Rogers v. Laird

319 F. Supp. 1, 1970 U.S. Dist. LEXIS 10267
CourtDistrict Court, E.D. Virginia
DecidedSeptember 14, 1970
DocketCiv. A. No. 6440
StatusPublished
Cited by8 cases

This text of 319 F. Supp. 1 (Rogers v. Laird) is published on Counsel Stack Legal Research, covering District Court, E.D. Virginia primary law. Counsel Stack provides free access to over 12 million legal documents including statutes, case law, regulations, and constitutions.

Bluebook
Rogers v. Laird, 319 F. Supp. 1, 1970 U.S. Dist. LEXIS 10267 (E.D. Va. 1970).

Opinion

OPINION AND ORDER

KELLAM, District Judge.

Plaintiffs are blue-collar supervisors employed by the United States at the Norfolk Naval Shipyard (Shipyard). They instituted this class action on behalf of themselves and all members of the National Association of Supervisors, Chapter 3, seeking money and injunctive relief. They contend that the provisions of the statutes under which wage rates are established for Navy blue-collar employees have not been complied with.
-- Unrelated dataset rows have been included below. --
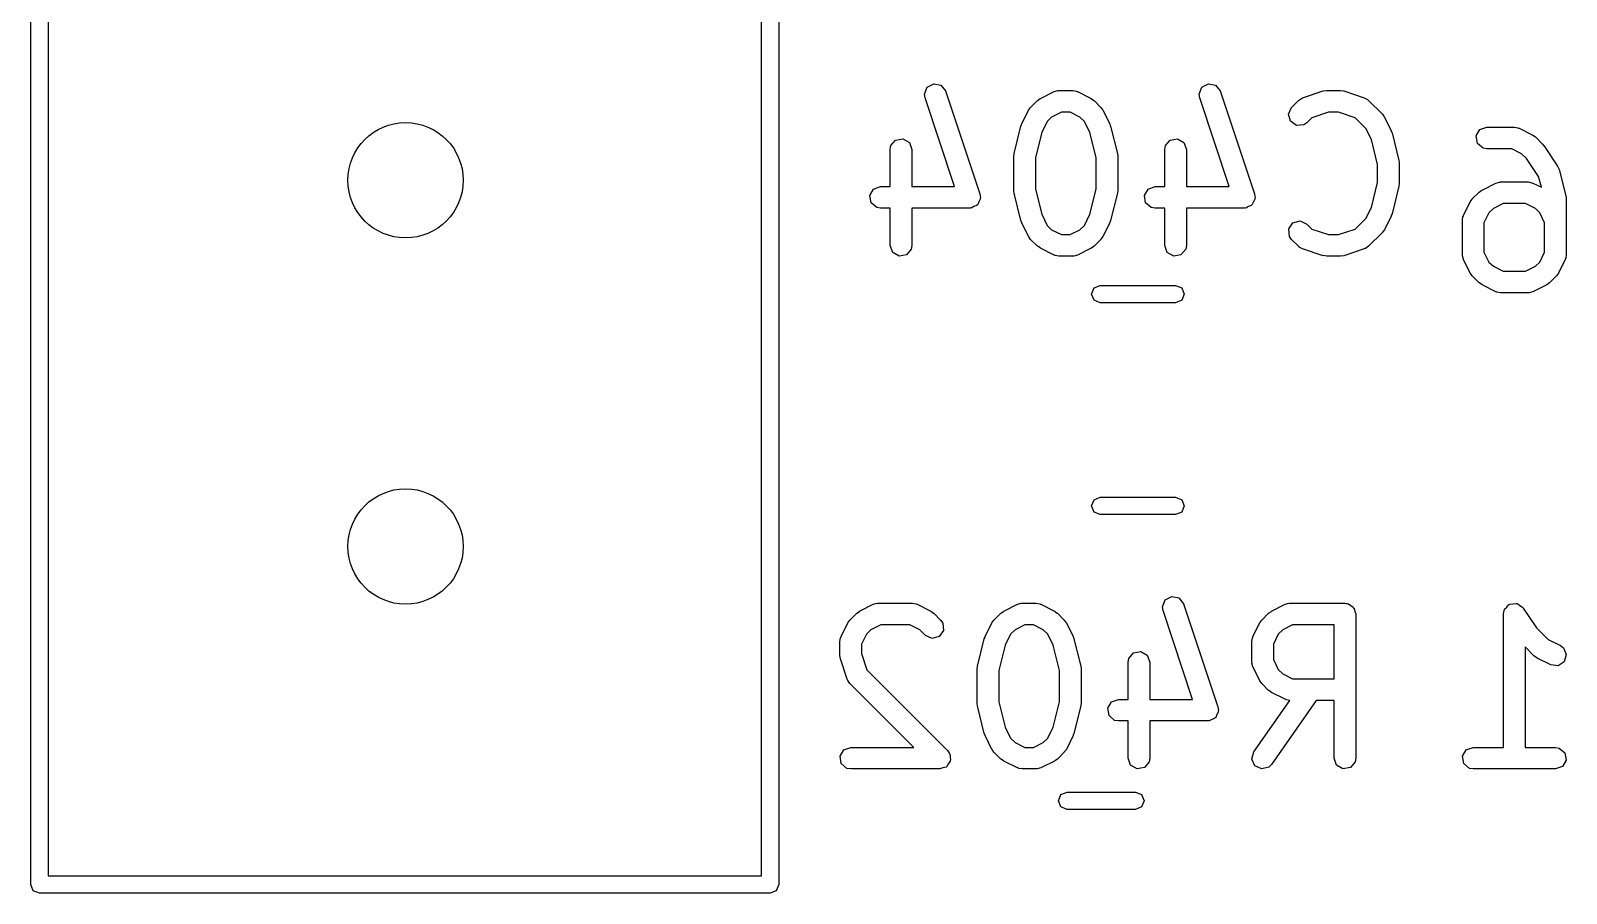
# Model space of a CAD drawing. Extents: x 123.3 to 169.7, y -142.3 to -47.
# Drawn here: x 135.58 to 146.23, y -132.71 to -126.72 of the extents above; entities that cross this region are included whole.
import ezdxf

# ---------------------------------------------------------------- set-up
doc = ezdxf.new("R2010")
doc.units = 0
doc.layers.add('BLACK', color=7, linetype='CONTINUOUS')

msp = doc.modelspace()

# ---------------------------------------------------------------- linework, layer by layer
at = {"layer": 'BLACK', "linetype": 'CONTINUOUS'}
for p, q in [((135.576, -132.647), (135.576, -122.877)), ((140.766, -122.877), (140.766, -132.647)), ((135.696, -122.937), (135.696, -132.587)), ((140.646, -132.587), (140.646, -122.937)), ((141.776, -127.165), (141.795, -127.117)), ((141.78, -127.19), (141.776, -127.165)), ((141.795, -127.117), (141.84, -127.093)), ((141.84, -127.093), (141.89, -127.103)), ((141.89, -127.103), (141.922, -127.143)), ((141.922, -127.143), (142.16, -127.857)), ((142.58, -127.195), (142.675, -127.147)), ((142.675, -127.147), (142.7, -127.14)), ((142.7, -127.14), (142.704, -127.141)), ((142.704, -127.141), (142.708, -127.139)), ((142.708, -127.139), (142.804, -127.139)), ((142.804, -127.139), (142.829, -127.144)), ((142.829, -127.144), (142.833, -127.147)), ((142.833, -127.147), (142.837, -127.147)), ((142.837, -127.147), (142.932, -127.195)), ((143.681, -127.165), (143.7, -127.117)), ((143.685, -127.19), (143.681, -127.165)), ((143.7, -127.117), (143.745, -127.093)), ((143.745, -127.093), (143.795, -127.103)), ((143.795, -127.103), (143.827, -127.143)), ((143.827, -127.143), (144.065, -127.857)), ((144.399, -127.191), (144.542, -127.143)), ((144.542, -127.143), (144.564, -127.14)), ((144.564, -127.14), (144.566, -127.139)), ((144.566, -127.139), (144.661, -127.139)), ((144.661, -127.139), (144.683, -127.143)), ((144.683, -127.143), (144.684, -127.143)), ((144.684, -127.143), (144.827, -127.191)), ((141.985, -127.806), (141.78, -127.19)), ((142.451, -127.371), (142.498, -127.276)), ((142.498, -127.276), (142.512, -127.258)), ((142.512, -127.257), (142.56, -127.209)), ((142.512, -127.258), (142.512, -127.257)), ((142.56, -127.209), (142.578, -127.196)), ((142.578, -127.196), (142.58, -127.195)), ((142.726, -127.289), (142.658, -127.324)), ((142.786, -127.289), (142.726, -127.289)), ((142.854, -127.324), (142.786, -127.289)), ((142.932, -127.195), (142.95, -127.208)), ((142.95, -127.208), (142.952, -127.209)), ((142.952, -127.209), (143, -127.257)), ((143, -127.257), (143.012, -127.275)), ((143.012, -127.275), (143.014, -127.276)), ((143.014, -127.276), (143.061, -127.371)), ((143.89, -127.806), (143.685, -127.19)), ((144.3, -127.303), (144.322, -127.257)), ((144.322, -127.257), (144.37, -127.209)), ((144.37, -127.209), (144.391, -127.194)), ((144.391, -127.194), (144.395, -127.194)), ((144.395, -127.194), (144.399, -127.191)), ((144.578, -127.289), (144.463, -127.328)), ((144.649, -127.289), (144.578, -127.289)), ((144.763, -127.328), (144.649, -127.289)), ((144.827, -127.191), (144.85, -127.203)), ((144.85, -127.203), (144.853, -127.207)), ((144.853, -127.207), (144.857, -127.209)), ((144.857, -127.209), (144.952, -127.304)), ((142.398, -127.577), (142.445, -127.387)), ((142.445, -127.387), (142.45, -127.375)), ((142.45, -127.375), (142.451, -127.371)), ((142.627, -127.354), (142.589, -127.431)), ((142.658, -127.324), (142.627, -127.354)), ((142.885, -127.354), (142.854, -127.324)), ((142.923, -127.431), (142.885, -127.354)), ((143.061, -127.371), (143.065, -127.384)), ((143.065, -127.384), (143.067, -127.387)), ((143.067, -127.387), (143.114, -127.577)), ((144.314, -127.353), (144.3, -127.303)), ((144.356, -127.382), (144.314, -127.353)), ((144.407, -127.378), (144.356, -127.382)), ((144.428, -127.363), (144.407, -127.378)), ((144.463, -127.328), (144.428, -127.363)), ((144.837, -127.402), (144.763, -127.328)), ((144.952, -127.304), (144.965, -127.323)), ((144.965, -127.323), (144.966, -127.324)), ((144.966, -127.324), (145.014, -127.419)), ((145.629, -127.411), (145.677, -127.393)), ((145.677, -127.393), (145.868, -127.393)), ((145.868, -127.393), (145.893, -127.398)), ((141.543, -127.522), (141.576, -127.483)), ((141.576, -127.483), (141.626, -127.474)), ((141.626, -127.474), (141.671, -127.5)), ((141.671, -127.5), (141.688, -127.548)), ((142.589, -127.431), (142.545, -127.605)), ((142.967, -127.605), (142.923, -127.431)), ((143.447, -127.522), (143.48, -127.483)), ((143.48, -127.483), (143.531, -127.474)), ((143.531, -127.474), (143.575, -127.5)), ((143.575, -127.5), (143.593, -127.548)), ((144.876, -127.479), (144.837, -127.402)), ((144.919, -127.652), (144.876, -127.479)), ((145.014, -127.419), (145.017, -127.431)), ((145.017, -127.431), (145.019, -127.434)), ((145.019, -127.434), (145.067, -127.625)), ((145.603, -127.455), (145.629, -127.411)), ((145.612, -127.506), (145.603, -127.455)), ((145.893, -127.398), (145.897, -127.401)), ((145.897, -127.401), (145.901, -127.401)), ((145.901, -127.401), (145.996, -127.449)), ((145.996, -127.449), (146.014, -127.462)), ((146.014, -127.462), (146.016, -127.463)), ((146.016, -127.463), (146.064, -127.511)), ((141.538, -127.548), (141.543, -127.522)), ((141.538, -127.806), (141.538, -127.548)), ((141.688, -127.548), (141.688, -127.806)), ((142.395, -127.595), (142.398, -127.581)), ((142.395, -127.833), (142.395, -127.595)), ((142.398, -127.581), (142.398, -127.577)), ((142.545, -127.605), (142.545, -127.824)), ((142.967, -127.824), (142.967, -127.605)), ((143.114, -127.577), (143.116, -127.592)), ((143.116, -127.592), (143.117, -127.595)), ((143.117, -127.595), (143.117, -127.833)), ((143.443, -127.548), (143.447, -127.522)), ((143.443, -127.806), (143.443, -127.548)), ((143.593, -127.548), (143.593, -127.806)), ((145.651, -127.539), (145.612, -127.506)), ((145.677, -127.543), (145.651, -127.539)), ((145.85, -127.543), (145.677, -127.543)), ((145.918, -127.578), (145.85, -127.543)), ((145.952, -127.611), (145.918, -127.578)), ((146.064, -127.511), (146.07, -127.52)), ((146.07, -127.52), (146.073, -127.522)), ((146.073, -127.522), (146.168, -127.665)), ((144.919, -127.777), (144.919, -127.652)), ((145.067, -127.625), (145.068, -127.64)), ((145.068, -127.64), (145.069, -127.643)), ((145.069, -127.643), (145.069, -127.786)), ((146.036, -127.737), (145.952, -127.611)), ((146.168, -127.665), (146.178, -127.688)), ((146.178, -127.688), (146.178, -127.688)), ((146.178, -127.688), (146.226, -127.879)), ((141.396, -127.868), (141.422, -127.824)), ((141.422, -127.824), (141.47, -127.806)), ((141.47, -127.806), (141.538, -127.806)), ((141.688, -127.806), (141.985, -127.806)), ((142.545, -127.824), (142.589, -127.998)), ((142.923, -127.998), (142.967, -127.824)), ((143.301, -127.868), (143.327, -127.824)), ((143.327, -127.824), (143.375, -127.806)), ((143.375, -127.806), (143.443, -127.806)), ((143.593, -127.806), (143.89, -127.806)), ((144.876, -127.95), (144.919, -127.777)), ((145.067, -127.804), (145.019, -127.994)), ((145.069, -127.786), (145.066, -127.801)), ((145.066, -127.801), (145.067, -127.804)), ((145.644, -127.83), (145.739, -127.782)), ((145.739, -127.782), (145.764, -127.775)), ((145.764, -127.775), (145.768, -127.776)), ((145.768, -127.776), (145.772, -127.774)), ((145.772, -127.774), (145.963, -127.774)), ((145.963, -127.774), (145.989, -127.779)), ((145.989, -127.779), (145.992, -127.782)), ((145.992, -127.782), (145.996, -127.782)), ((145.996, -127.782), (146.055, -127.811)), ((146.055, -127.811), (146.036, -127.737)), ((141.405, -127.919), (141.396, -127.868)), ((141.445, -127.952), (141.405, -127.919)), ((142.153, -127.912), (142.145, -127.931)), ((142.163, -127.894), (142.153, -127.912)), ((142.16, -127.857), (142.164, -127.883)), ((142.164, -127.883), (142.162, -127.888)), ((142.162, -127.888), (142.163, -127.894)), ((142.396, -127.837), (142.395, -127.833)), ((142.398, -127.852), (142.396, -127.837)), ((142.445, -128.042), (142.398, -127.852)), ((143.114, -127.852), (143.067, -128.042)), ((143.117, -127.833), (143.114, -127.848)), ((143.114, -127.848), (143.114, -127.852)), ((143.31, -127.919), (143.301, -127.868)), ((143.349, -127.952), (143.31, -127.919)), ((144.058, -127.912), (144.05, -127.931)), ((144.068, -127.894), (144.058, -127.912)), ((144.065, -127.857), (144.069, -127.883)), ((144.069, -127.883), (144.067, -127.888)), ((144.067, -127.888), (144.068, -127.894)), ((145.515, -128.006), (145.562, -127.911)), ((145.562, -127.911), (145.576, -127.893)), ((145.576, -127.892), (145.624, -127.844)), ((145.576, -127.893), (145.576, -127.892)), ((145.624, -127.844), (145.642, -127.831)), ((145.642, -127.831), (145.644, -127.83)), ((145.79, -127.924), (145.722, -127.959)), ((145.945, -127.924), (145.79, -127.924)), ((146.014, -127.959), (145.945, -127.924)), ((146.226, -127.879), (146.227, -127.894)), ((146.227, -127.894), (146.228, -127.897)), ((146.228, -127.897), (146.228, -128.278)), ((141.47, -127.956), (141.445, -127.952)), ((141.538, -127.956), (141.47, -127.956)), ((141.538, -128.214), (141.538, -127.956)), ((142.089, -127.956), (141.688, -127.956)), ((141.688, -127.956), (141.688, -128.214)), ((142.095, -127.954), (142.089, -127.956)), ((142.1, -127.955), (142.095, -127.954)), ((142.118, -127.945), (142.1, -127.955)), ((142.138, -127.938), (142.118, -127.945)), ((142.14, -127.934), (142.138, -127.938)), ((142.145, -127.931), (142.14, -127.934)), ((142.589, -127.998), (142.627, -128.075)), ((142.885, -128.075), (142.923, -127.998)), ((143.375, -127.956), (143.349, -127.952)), ((143.443, -127.956), (143.375, -127.956)), ((143.443, -128.214), (143.443, -127.956)), ((143.994, -127.956), (143.593, -127.956)), ((143.593, -127.956), (143.593, -128.214)), ((143.999, -127.954), (143.994, -127.956)), ((144.005, -127.955), (143.999, -127.954)), ((144.023, -127.945), (144.005, -127.955)), ((144.042, -127.938), (144.023, -127.945)), ((144.045, -127.934), (144.042, -127.938)), ((144.05, -127.931), (144.045, -127.934)), ((144.763, -128.101), (144.837, -128.027)), ((144.837, -128.027), (144.876, -127.95)), ((145.014, -128.01), (144.966, -128.105)), ((145.019, -127.994), (145.014, -128.006)), ((145.014, -128.006), (145.014, -128.01)), ((145.507, -128.04), (145.511, -128.014)), ((145.511, -128.014), (145.514, -128.011)), ((145.514, -128.011), (145.515, -128.006)), ((145.691, -127.989), (145.657, -128.058)), ((145.722, -127.959), (145.691, -127.989)), ((146.044, -127.989), (146.014, -127.959)), ((146.078, -128.058), (146.044, -127.989)), ((142.447, -128.045), (142.445, -128.042)), ((142.451, -128.057), (142.447, -128.045)), ((142.498, -128.153), (142.451, -128.057)), ((142.627, -128.075), (142.658, -128.105)), ((142.658, -128.105), (142.726, -128.139)), ((142.726, -128.139), (142.786, -128.139)), ((142.786, -128.139), (142.854, -128.105)), ((142.854, -128.105), (142.885, -128.075)), ((143.061, -128.057), (143.014, -128.153)), ((143.062, -128.054), (143.061, -128.057)), ((143.067, -128.042), (143.062, -128.054)), ((144.303, -128.1), (144.332, -128.058)), ((144.307, -128.151), (144.303, -128.1)), ((144.332, -128.058), (144.382, -128.044)), ((144.382, -128.044), (144.428, -128.066)), ((144.428, -128.066), (144.463, -128.101)), ((144.463, -128.101), (144.578, -128.139)), ((144.578, -128.139), (144.649, -128.139)), ((144.649, -128.139), (144.763, -128.101)), ((144.952, -128.125), (144.857, -128.22)), ((144.953, -128.123), (144.952, -128.125)), ((144.966, -128.105), (144.953, -128.123)), ((145.507, -128.278), (145.507, -128.04)), ((145.657, -128.058), (145.657, -128.26)), ((146.078, -128.26), (146.078, -128.058)), ((141.556, -128.263), (141.538, -128.214)), ((141.684, -128.24), (141.651, -128.279)), ((141.688, -128.214), (141.684, -128.24)), ((142.5, -128.154), (142.498, -128.153)), ((142.512, -128.172), (142.5, -128.154)), ((142.56, -128.22), (142.512, -128.172)), ((142.562, -128.22), (142.56, -128.22)), ((142.58, -128.234), (142.562, -128.22)), ((142.675, -128.281), (142.58, -128.234)), ((142.932, -128.234), (142.837, -128.281)), ((142.934, -128.233), (142.932, -128.234)), ((142.952, -128.22), (142.934, -128.233)), ((143, -128.172), (142.952, -128.22)), ((143.014, -128.153), (143, -128.171)), ((143, -128.171), (143, -128.172)), ((143.46, -128.263), (143.443, -128.214)), ((143.588, -128.24), (143.555, -128.279)), ((143.593, -128.214), (143.588, -128.24)), ((144.322, -128.172), (144.307, -128.151)), ((144.37, -128.22), (144.322, -128.172)), ((144.374, -128.222), (144.37, -128.22)), ((144.376, -128.226), (144.374, -128.222)), ((144.399, -128.238), (144.376, -128.226)), ((144.542, -128.286), (144.399, -128.238)), ((144.827, -128.238), (144.684, -128.286)), ((144.831, -128.235), (144.827, -128.238)), ((144.835, -128.235), (144.831, -128.235)), ((144.857, -128.22), (144.835, -128.235)), ((141.6, -128.288), (141.556, -128.263)), ((141.651, -128.279), (141.6, -128.288)), ((142.679, -128.282), (142.675, -128.281)), ((142.683, -128.285), (142.679, -128.282)), ((142.708, -128.289), (142.683, -128.285)), ((142.804, -128.289), (142.708, -128.289)), ((142.808, -128.288), (142.804, -128.289)), ((142.812, -128.289), (142.808, -128.288)), ((142.837, -128.281), (142.812, -128.289)), ((143.505, -128.288), (143.46, -128.263)), ((143.555, -128.279), (143.505, -128.288)), ((144.543, -128.285), (144.542, -128.286)), ((144.566, -128.289), (144.543, -128.285)), ((144.661, -128.289), (144.566, -128.289)), ((144.662, -128.289), (144.661, -128.289)), ((144.684, -128.286), (144.662, -128.289)), ((145.508, -128.282), (145.507, -128.278)), ((145.507, -128.286), (145.508, -128.282)), ((145.515, -128.311), (145.507, -128.286)), ((145.562, -128.407), (145.515, -128.311)), ((145.657, -128.26), (145.691, -128.329)), ((145.691, -128.329), (145.722, -128.359)), ((146.014, -128.359), (146.044, -128.329)), ((146.044, -128.329), (146.078, -128.26)), ((146.22, -128.311), (146.173, -128.407)), ((146.221, -128.307), (146.22, -128.311)), ((146.224, -128.304), (146.221, -128.307)), ((146.228, -128.278), (146.224, -128.304)), ((145.564, -128.408), (145.562, -128.407)), ((145.576, -128.426), (145.564, -128.408)), ((145.624, -128.474), (145.576, -128.426)), ((145.722, -128.359), (145.79, -128.393)), ((145.79, -128.393), (145.945, -128.393)), ((145.945, -128.393), (146.014, -128.359)), ((146.159, -128.426), (146.111, -128.474)), ((146.173, -128.407), (146.159, -128.425)), ((146.159, -128.425), (146.159, -128.426)), ((142.935, -128.551), (142.952, -128.509)), ((142.952, -128.593), (142.935, -128.551)), ((142.952, -128.509), (142.995, -128.491)), ((142.995, -128.491), (143.517, -128.491)), ((143.517, -128.491), (143.56, -128.509)), ((143.56, -128.509), (143.577, -128.551)), ((143.577, -128.551), (143.56, -128.593)), ((145.626, -128.474), (145.624, -128.474)), ((145.644, -128.488), (145.626, -128.474)), ((145.739, -128.535), (145.644, -128.488)), ((145.743, -128.536), (145.739, -128.535)), ((145.747, -128.539), (145.743, -128.536)), ((145.772, -128.543), (145.747, -128.539)), ((145.963, -128.543), (145.772, -128.543)), ((145.967, -128.542), (145.963, -128.543)), ((145.971, -128.543), (145.967, -128.542)), ((145.996, -128.535), (145.971, -128.543)), ((146.092, -128.488), (145.996, -128.535)), ((146.093, -128.487), (146.092, -128.488)), ((146.111, -128.474), (146.093, -128.487)), ((142.995, -128.611), (142.952, -128.593)), ((143.517, -128.611), (142.995, -128.611)), ((143.56, -128.593), (143.517, -128.611)), ((142.935, -130.021), (142.952, -129.979)), ((142.952, -130.063), (142.935, -130.021)), ((142.952, -129.979), (142.995, -129.961)), ((142.995, -129.961), (143.517, -129.961)), ((143.517, -129.961), (143.56, -129.979)), ((143.56, -129.979), (143.577, -130.021)), ((143.577, -130.021), (143.56, -130.063)), ((142.995, -130.081), (142.952, -130.063)), ((143.517, -130.081), (142.995, -130.081)), ((143.56, -130.063), (143.517, -130.081)), ((141.421, -130.703), (141.446, -130.696)), ((141.446, -130.696), (141.45, -130.697)), ((141.45, -130.697), (141.454, -130.695)), ((141.454, -130.695), (141.692, -130.695)), ((141.692, -130.695), (141.718, -130.7)), ((141.718, -130.7), (141.722, -130.703)), ((142.421, -130.703), (142.446, -130.696)), ((142.446, -130.696), (142.45, -130.697)), ((142.45, -130.697), (142.454, -130.695)), ((142.454, -130.695), (142.55, -130.695)), ((142.55, -130.695), (142.575, -130.7)), ((142.575, -130.7), (142.579, -130.703)), ((143.427, -130.721), (143.446, -130.673)), ((143.446, -130.673), (143.491, -130.649)), ((143.491, -130.649), (143.541, -130.659)), ((143.541, -130.659), (143.573, -130.699)), ((143.573, -130.699), (143.811, -131.413)), ((144.278, -130.703), (144.303, -130.696)), ((144.303, -130.696), (144.307, -130.697)), ((144.307, -130.697), (144.312, -130.695)), ((144.312, -130.695), (144.692, -130.695)), ((144.692, -130.695), (144.702, -130.697)), ((144.702, -130.697), (144.706, -130.697)), ((144.706, -130.697), (144.708, -130.698)), ((144.708, -130.698), (144.718, -130.7)), ((144.718, -130.7), (144.733, -130.712)), ((145.837, -130.702), (145.859, -130.7)), ((145.859, -130.7), (145.881, -130.697)), ((145.881, -130.697), (145.884, -130.699)), ((145.884, -130.699), (145.889, -130.698)), ((145.889, -130.698), (145.906, -130.711)), ((141.258, -130.813), (141.306, -130.765)), ((141.306, -130.765), (141.324, -130.752)), ((141.324, -130.752), (141.326, -130.751)), ((141.326, -130.751), (141.421, -130.703)), ((141.722, -130.703), (141.726, -130.703)), ((141.726, -130.703), (141.821, -130.751)), ((141.821, -130.751), (141.839, -130.764)), ((141.839, -130.764), (141.841, -130.765)), ((141.841, -130.765), (141.888, -130.813)), ((142.258, -130.813), (142.306, -130.765)), ((142.306, -130.765), (142.324, -130.752)), ((142.324, -130.752), (142.326, -130.751)), ((142.326, -130.751), (142.421, -130.703)), ((142.579, -130.703), (142.583, -130.703)), ((142.583, -130.703), (142.678, -130.751)), ((142.678, -130.751), (142.696, -130.764)), ((142.696, -130.764), (142.698, -130.765)), ((142.698, -130.765), (142.746, -130.813)), ((143.431, -130.746), (143.427, -130.721)), ((143.636, -131.362), (143.431, -130.746)), ((144.116, -130.813), (144.163, -130.765)), ((144.163, -130.765), (144.182, -130.752)), ((144.182, -130.752), (144.183, -130.751)), ((144.183, -130.751), (144.278, -130.703)), ((144.733, -130.712), (144.75, -130.722)), ((144.75, -130.722), (144.752, -130.729)), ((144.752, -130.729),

The interpretation and application of the statutes is the question. Title 10, § 7474 U.S.C.A., effective prior to September 1966, provided:

The Secretary of the Navy shall establish rates of wages for employees of each naval activity where the rates are not established by other provisions of law to conform, as nearly as is consistent with the public interest, with those of private establishments in the immediate vicinity.

The pertinent part of Title 5, § 5341, effective since September 1966, provides :

(a) The pay of employees excepted from Chapter 51 of this title by section 5102(c) (7) of this title shall be fixed and adjusted from time to time as nearly as is consistent with the public interest in accordance with prevailing rates. Subject to section 213(f) of title 29, the rates may not be less than the appropriate rates provided for by section 206(a) (1) of title 29.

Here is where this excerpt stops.